Stored records:

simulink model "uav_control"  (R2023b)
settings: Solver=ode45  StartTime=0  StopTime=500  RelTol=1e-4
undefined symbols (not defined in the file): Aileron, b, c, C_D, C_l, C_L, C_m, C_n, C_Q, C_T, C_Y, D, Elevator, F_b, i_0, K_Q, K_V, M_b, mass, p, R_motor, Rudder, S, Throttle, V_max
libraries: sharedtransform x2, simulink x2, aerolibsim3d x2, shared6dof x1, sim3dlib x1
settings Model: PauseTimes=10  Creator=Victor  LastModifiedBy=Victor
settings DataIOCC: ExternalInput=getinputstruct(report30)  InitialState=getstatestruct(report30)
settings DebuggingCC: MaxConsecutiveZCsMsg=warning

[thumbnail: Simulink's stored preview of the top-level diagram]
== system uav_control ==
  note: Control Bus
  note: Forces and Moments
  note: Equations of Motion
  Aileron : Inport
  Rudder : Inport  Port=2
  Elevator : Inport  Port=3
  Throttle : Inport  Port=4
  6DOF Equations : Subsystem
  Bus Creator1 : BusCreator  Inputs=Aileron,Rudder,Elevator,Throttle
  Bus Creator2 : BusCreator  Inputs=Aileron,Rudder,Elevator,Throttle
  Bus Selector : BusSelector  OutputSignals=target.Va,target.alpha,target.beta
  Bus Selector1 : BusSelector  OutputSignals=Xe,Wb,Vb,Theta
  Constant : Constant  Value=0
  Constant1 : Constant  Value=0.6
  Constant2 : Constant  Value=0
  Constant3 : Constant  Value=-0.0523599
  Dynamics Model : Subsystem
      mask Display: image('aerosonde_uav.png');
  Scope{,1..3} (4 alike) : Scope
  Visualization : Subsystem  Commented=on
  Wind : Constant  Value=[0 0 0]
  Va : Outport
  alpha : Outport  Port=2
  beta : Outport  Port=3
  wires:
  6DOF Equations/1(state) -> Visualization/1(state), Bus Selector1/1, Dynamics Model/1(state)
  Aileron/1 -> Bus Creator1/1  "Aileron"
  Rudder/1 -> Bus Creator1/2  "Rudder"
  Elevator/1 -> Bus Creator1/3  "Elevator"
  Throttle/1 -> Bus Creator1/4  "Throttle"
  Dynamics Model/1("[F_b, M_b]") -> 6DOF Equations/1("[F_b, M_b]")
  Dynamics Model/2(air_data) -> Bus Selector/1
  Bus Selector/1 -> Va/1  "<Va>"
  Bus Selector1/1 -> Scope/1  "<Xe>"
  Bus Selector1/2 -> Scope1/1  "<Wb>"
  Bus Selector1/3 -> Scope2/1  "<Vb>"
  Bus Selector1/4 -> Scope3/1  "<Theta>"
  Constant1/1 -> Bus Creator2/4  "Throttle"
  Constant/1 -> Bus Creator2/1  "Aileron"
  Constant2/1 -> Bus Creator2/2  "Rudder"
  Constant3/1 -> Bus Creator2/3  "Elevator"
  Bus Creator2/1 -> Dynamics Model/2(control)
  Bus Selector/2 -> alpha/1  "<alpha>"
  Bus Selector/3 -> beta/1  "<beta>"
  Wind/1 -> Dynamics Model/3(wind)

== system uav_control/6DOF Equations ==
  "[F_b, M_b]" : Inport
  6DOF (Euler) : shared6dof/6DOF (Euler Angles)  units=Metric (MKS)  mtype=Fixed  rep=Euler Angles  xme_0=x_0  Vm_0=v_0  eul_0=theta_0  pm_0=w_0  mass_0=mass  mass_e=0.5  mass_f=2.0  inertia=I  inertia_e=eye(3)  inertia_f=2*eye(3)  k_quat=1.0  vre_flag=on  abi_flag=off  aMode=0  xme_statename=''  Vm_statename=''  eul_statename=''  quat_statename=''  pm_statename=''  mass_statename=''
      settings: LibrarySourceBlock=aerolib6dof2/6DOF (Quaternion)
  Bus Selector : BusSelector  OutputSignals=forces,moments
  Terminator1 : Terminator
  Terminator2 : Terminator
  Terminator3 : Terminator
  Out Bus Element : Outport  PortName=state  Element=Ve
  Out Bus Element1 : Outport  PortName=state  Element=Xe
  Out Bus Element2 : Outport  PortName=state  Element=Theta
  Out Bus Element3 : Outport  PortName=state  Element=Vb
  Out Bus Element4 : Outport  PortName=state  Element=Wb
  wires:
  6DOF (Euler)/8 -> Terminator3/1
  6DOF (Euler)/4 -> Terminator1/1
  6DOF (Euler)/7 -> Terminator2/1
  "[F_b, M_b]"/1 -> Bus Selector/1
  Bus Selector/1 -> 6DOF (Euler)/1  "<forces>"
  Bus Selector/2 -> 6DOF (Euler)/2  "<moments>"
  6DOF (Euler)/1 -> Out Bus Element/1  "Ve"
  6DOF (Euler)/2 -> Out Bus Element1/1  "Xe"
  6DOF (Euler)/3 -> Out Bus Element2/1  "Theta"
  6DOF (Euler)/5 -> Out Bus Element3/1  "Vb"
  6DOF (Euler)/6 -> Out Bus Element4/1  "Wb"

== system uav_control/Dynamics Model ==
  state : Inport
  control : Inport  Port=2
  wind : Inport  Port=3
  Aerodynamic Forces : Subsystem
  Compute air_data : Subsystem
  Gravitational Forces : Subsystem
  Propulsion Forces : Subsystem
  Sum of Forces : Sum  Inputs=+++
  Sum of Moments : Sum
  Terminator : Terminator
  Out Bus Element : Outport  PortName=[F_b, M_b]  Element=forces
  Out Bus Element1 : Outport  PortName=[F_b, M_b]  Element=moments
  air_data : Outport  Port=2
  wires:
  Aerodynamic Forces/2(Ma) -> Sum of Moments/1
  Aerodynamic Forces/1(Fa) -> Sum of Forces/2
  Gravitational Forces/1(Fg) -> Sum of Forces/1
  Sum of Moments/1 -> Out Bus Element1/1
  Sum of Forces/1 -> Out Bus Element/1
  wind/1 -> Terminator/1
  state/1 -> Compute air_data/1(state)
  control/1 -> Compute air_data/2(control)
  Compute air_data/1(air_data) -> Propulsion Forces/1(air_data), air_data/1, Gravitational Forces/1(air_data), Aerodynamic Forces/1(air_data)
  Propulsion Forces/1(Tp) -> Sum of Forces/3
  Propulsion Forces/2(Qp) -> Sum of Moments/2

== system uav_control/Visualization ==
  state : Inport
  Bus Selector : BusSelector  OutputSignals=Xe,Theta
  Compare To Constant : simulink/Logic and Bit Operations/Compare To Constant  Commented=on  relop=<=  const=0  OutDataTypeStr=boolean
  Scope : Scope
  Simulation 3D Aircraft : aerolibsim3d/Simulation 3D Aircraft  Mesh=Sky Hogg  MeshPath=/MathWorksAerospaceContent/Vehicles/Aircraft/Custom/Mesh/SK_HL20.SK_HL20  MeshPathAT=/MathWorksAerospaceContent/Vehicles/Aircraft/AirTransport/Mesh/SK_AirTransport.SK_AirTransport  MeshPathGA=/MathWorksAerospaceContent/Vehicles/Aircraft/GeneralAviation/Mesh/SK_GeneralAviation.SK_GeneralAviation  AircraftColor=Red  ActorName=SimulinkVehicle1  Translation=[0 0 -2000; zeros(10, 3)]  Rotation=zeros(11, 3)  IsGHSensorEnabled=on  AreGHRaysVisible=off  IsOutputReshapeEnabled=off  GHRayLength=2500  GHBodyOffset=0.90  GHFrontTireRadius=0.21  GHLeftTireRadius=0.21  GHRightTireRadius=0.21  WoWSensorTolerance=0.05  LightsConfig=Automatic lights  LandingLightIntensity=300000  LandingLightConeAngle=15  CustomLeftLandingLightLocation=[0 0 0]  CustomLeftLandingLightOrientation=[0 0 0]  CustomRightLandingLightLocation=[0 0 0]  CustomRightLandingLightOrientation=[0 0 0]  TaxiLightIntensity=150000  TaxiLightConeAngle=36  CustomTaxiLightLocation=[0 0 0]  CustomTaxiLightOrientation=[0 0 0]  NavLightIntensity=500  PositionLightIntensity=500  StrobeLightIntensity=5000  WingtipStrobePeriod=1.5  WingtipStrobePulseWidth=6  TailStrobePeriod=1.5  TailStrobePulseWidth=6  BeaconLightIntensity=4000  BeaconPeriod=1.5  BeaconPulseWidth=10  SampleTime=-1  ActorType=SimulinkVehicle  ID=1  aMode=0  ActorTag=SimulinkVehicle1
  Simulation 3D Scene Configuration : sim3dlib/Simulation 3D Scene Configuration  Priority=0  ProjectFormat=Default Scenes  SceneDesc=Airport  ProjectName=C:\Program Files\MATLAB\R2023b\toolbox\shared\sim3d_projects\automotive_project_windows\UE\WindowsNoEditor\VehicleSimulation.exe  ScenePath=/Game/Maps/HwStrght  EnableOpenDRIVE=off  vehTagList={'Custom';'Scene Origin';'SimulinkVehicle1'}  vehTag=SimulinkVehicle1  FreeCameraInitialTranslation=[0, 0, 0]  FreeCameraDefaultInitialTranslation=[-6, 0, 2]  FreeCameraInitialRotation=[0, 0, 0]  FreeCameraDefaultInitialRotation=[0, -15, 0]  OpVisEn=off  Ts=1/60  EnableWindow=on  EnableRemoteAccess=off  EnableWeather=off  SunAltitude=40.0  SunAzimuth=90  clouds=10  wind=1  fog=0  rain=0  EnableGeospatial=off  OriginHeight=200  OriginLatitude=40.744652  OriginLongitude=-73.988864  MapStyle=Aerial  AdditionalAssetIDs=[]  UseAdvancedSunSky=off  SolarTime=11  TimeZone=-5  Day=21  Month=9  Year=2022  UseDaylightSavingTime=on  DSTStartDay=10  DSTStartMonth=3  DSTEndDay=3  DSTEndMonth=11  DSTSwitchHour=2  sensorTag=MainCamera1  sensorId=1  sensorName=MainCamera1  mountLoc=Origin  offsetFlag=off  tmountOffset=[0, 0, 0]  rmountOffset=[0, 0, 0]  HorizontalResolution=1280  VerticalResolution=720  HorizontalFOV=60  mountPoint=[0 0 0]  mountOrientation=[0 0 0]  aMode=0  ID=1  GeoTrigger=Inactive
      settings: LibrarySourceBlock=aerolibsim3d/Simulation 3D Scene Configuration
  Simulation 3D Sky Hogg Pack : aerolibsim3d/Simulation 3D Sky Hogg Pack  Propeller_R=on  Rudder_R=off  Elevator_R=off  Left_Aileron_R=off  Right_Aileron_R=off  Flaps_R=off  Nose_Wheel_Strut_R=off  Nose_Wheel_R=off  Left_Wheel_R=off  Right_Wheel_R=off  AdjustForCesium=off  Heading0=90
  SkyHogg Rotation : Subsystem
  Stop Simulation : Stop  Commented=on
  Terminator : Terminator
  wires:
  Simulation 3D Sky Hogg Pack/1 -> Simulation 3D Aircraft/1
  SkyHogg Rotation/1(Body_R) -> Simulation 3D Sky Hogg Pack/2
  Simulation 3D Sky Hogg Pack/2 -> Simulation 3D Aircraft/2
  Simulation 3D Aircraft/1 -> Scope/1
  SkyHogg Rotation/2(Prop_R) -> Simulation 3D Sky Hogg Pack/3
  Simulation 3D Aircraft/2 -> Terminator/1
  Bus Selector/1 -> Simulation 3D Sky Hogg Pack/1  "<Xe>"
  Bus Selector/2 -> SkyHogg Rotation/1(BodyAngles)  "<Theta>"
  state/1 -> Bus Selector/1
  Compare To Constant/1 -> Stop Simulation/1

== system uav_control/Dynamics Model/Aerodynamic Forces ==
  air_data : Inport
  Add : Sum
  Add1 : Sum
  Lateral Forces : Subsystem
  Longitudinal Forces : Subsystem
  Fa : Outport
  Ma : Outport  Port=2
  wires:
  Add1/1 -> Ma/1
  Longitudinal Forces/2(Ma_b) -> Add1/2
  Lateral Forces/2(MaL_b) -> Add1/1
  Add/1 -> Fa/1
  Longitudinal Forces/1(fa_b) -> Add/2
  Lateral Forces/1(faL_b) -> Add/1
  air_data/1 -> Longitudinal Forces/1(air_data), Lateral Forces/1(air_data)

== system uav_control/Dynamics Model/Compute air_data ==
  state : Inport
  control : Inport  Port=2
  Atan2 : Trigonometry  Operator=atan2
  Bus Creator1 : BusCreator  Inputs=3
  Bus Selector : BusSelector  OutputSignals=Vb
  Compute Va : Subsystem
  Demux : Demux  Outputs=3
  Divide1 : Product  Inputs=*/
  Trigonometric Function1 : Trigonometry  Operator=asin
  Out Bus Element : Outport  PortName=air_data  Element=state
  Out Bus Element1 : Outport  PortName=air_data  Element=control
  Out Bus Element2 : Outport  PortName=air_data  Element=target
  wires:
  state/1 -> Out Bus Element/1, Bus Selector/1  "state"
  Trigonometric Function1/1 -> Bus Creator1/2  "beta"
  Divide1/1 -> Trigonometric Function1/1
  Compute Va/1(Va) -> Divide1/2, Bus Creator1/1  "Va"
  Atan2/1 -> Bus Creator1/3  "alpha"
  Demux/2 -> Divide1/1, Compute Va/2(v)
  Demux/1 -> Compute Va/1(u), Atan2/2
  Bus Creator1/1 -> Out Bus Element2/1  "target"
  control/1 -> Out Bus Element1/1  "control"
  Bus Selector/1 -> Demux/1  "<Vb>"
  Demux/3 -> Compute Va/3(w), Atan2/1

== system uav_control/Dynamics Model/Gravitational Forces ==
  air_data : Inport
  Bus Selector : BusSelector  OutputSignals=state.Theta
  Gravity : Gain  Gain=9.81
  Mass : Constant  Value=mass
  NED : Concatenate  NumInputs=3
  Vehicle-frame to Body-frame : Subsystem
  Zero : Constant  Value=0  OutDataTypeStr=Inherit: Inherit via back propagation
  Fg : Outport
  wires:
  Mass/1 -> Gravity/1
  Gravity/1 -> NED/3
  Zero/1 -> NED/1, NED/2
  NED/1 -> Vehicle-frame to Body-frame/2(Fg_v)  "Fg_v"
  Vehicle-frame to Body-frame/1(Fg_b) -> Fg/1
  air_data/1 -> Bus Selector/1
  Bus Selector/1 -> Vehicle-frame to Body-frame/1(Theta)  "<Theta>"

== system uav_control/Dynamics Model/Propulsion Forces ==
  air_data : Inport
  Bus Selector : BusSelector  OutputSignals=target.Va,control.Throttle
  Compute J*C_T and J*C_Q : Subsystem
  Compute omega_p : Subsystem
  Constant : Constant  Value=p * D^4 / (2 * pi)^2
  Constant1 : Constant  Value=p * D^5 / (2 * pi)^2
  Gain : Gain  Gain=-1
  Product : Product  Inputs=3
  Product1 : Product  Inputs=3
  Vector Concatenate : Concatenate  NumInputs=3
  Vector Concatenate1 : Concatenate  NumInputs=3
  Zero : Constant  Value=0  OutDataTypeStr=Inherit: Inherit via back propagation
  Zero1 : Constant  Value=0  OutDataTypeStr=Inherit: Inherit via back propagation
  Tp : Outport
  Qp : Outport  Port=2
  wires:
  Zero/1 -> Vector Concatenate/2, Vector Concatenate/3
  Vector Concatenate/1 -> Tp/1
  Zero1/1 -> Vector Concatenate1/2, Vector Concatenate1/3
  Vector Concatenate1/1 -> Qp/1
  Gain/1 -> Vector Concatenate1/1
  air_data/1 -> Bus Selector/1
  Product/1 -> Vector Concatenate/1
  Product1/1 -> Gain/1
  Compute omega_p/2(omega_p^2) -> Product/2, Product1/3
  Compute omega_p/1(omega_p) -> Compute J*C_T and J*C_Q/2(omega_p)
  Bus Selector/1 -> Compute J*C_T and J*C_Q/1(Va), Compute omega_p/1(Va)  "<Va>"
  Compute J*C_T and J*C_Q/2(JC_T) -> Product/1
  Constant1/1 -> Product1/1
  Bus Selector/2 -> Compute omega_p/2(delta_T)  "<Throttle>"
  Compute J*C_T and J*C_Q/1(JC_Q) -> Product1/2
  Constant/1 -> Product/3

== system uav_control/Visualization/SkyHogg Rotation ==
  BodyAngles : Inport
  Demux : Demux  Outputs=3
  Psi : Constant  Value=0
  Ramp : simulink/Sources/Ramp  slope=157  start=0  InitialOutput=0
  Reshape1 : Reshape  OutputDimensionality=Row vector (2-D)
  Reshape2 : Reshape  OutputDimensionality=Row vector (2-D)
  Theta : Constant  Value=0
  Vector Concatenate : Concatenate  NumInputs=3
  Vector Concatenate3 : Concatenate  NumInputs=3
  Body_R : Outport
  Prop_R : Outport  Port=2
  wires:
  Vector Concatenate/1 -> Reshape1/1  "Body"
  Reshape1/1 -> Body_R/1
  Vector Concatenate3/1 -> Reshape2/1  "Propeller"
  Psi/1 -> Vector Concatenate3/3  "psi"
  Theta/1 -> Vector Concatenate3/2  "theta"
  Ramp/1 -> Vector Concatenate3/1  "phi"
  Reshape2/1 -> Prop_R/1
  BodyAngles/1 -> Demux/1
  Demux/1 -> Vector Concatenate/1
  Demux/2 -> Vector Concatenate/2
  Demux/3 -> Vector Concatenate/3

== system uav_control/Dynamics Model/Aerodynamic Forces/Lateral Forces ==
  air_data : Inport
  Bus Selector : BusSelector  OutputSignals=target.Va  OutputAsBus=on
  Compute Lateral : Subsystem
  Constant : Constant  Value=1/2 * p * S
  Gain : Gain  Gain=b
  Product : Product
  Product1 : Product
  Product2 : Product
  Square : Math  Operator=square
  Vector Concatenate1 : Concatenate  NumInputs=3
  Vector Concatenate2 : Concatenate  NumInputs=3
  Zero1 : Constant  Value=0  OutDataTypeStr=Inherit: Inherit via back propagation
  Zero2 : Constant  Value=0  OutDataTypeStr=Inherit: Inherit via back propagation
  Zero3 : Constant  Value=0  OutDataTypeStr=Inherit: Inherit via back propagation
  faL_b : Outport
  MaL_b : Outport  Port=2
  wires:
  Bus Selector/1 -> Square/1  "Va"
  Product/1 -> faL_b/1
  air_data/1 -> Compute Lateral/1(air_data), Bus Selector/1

→ **Exercise details**: After locating the line with "Ramp/1 -> Vector", output that line and every later one exactly, through the end of the entries above.

→ **Reply**:
  Ramp/1 -> Vector Concatenate3/1  "phi"
  Reshape2/1 -> Prop_R/1
  BodyAngles/1 -> Demux/1
  Demux/1 -> Vector Concatenate/1
  Demux/2 -> Vector Concatenate/2
  Demux/3 -> Vector Concatenate/3

== system uav_control/Dynamics Model/Aerodynamic Forces/Lateral Forces ==
  air_data : Inport
  Bus Selector : BusSelector  OutputSignals=target.Va  OutputAsBus=on
  Compute Lateral : Subsystem
  Constant : Constant  Value=1/2 * p * S
  Gain : Gain  Gain=b
  Product : Product
  Product1 : Product
  Product2 : Product
  Square : Math  Operator=square
  Vector Concatenate1 : Concatenate  NumInputs=3
  Vector Concatenate2 : Concatenate  NumInputs=3
  Zero1 : Constant  Value=0  OutDataTypeStr=Inherit: Inherit via back propagation
  Zero2 : Constant  Value=0  OutDataTypeStr=Inherit: Inherit via back propagation
  Zero3 : Constant  Value=0  OutDataTypeStr=Inherit: Inherit via back propagation
  faL_b : Outport
  MaL_b : Outport  Port=2
  wires:
  Bus Selector/1 -> Square/1  "Va"
  Product/1 -> faL_b/1
  air_data/1 -> Compute Lateral/1(air_data), Bus Selector/1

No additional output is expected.